Taxonomising odd jobs, pt. iii: Exploring the space of possible taxonomies. §4

In the previous section of this part (pt. iii, §3), I talked about some clustering methods, including neighbour-joining, as well as linkage-based hierarchical clustering methods. The latter methods need some way of determining linkage; we called these linkage criteria. There are more linkage criteria out there than I care to talk about, but there is just one more that I want to go over, in addition to the ones in §3:

Energy distance

The energy distance, as a linkage criterion, can be thought of (if you squint just a little bit) as a more sophisticated version of UPGMA (see §3). As its name implies, it is actually a full-blown metric (sOmETiMEs), which is nice. Defining the energy distance is not all that complicated, but because its origin is in defining (statistical) distance between probability distributions, I want to start with that kind of definition first.

Between real-vector-valued probability distributions

Let 𝐯, 𝐯′ ∈ ℝ^𝑛 be random vectors^[1] each with distribution function 𝒱, and let 𝐰, 𝐰′ ∈ ℝ^𝑛 be random vectors each with distribution function 𝒲. Let {𝐯, 𝐯′, 𝐰, 𝐰′} be independent. Then the square of the energy distance between 𝒱 and 𝒲 is defined as follows:

𝐷²⁡(𝒱, 𝒲) ≝ 2 ⋅ 𝖤⁡[‖𝐯 − 𝐰‖] − 𝖤⁡[‖𝐯 − 𝐯′‖] − 𝖤⁡[‖𝐰 − 𝐰′‖].

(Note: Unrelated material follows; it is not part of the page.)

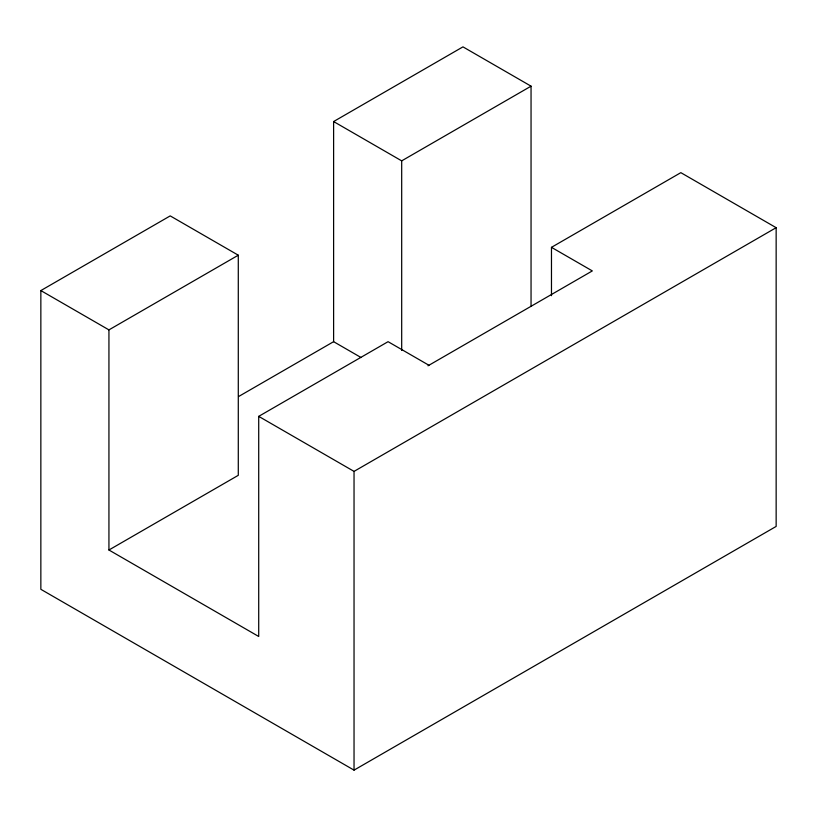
<?xml version="1.0" encoding="UTF-8"?>
<svg xmlns="http://www.w3.org/2000/svg" width="817" height="817" viewBox="0 0 817 817"><rect width="100%" height="100%" fill="white"/><g stroke="black" fill="none" stroke-linecap="round" stroke-linejoin="round"><path stroke-width="1.23" d="M551.475 295.693L551.475 247.337L680.837 172.653L776.15 227.688L776.15 526.424L354.037 770.135L40.85 589.312L40.85 290.576L170.212 215.892L238.288 255.2L238.288 475.32L108.937 550.004L108.937 329.884L238.288 255.2M238.656 396.5L333.612 341.68L333.612 121.549L462.963 46.865L531.05 86.173L531.05 306.304M333.612 121.549L401.688 160.857L531.05 86.173M108.937 550.004L258.713 636.484L258.713 416.364L388.075 341.68L428.925 365.26M428.006 365.791L592.325 270.917L551.475 247.337M258.713 416.364L354.037 471.389L776.15 227.688M333.612 341.68L361.063 357.529M40.85 290.576L108.937 329.884M401.688 160.857L401.688 350.452M354.037 471.389L354.037 770.135"/></g></svg>

It may be alarming that we have subtraction going on here, as this is the square of the energy distance, so to recover the energy distance itself, we have to take the positive square root. If the squared distance is less than zero, we will end up with an imaginary result, which we obviously cannot tolerate for a distance function. For the definition above, where we are talking about independent real random vectors, and comparing their respective distributions, it works out (for the same reason discussed below). However, it is common to generalise the energy distance to arbitrary metric spaces (which is basically what we want to do here). Before worrying about 𝐷 being a metric in the general case, here is the general case itself:

Any metric space, not just real coordinate space

Let (𝑀, 𝑑) be a metric space. Treat 𝑀 as a sample space^[2], and let 𝒜, ℬ both be probability measures over it. Let 𝐚, 𝐚′ ∈ 𝑀 be random variables each sampled from 𝒜, and let 𝐛, 𝐛′ ∈ 𝑀 be random variables each sampled from ℬ. Let {𝐚, 𝐚′, 𝐛, 𝐛′} be independent. Then the square of the energy distance between 𝒜 and ℬ is defined as follows:

𝐷²⁡(𝒜, ℬ) ≝ 2 ⋅ 𝖤⁡[𝑑⁡(𝐚, 𝐛)] − 𝖤⁡[𝑑⁡(𝐚, 𝐚′)] − 𝖤⁡[𝑑⁡(𝐛, 𝐛′)].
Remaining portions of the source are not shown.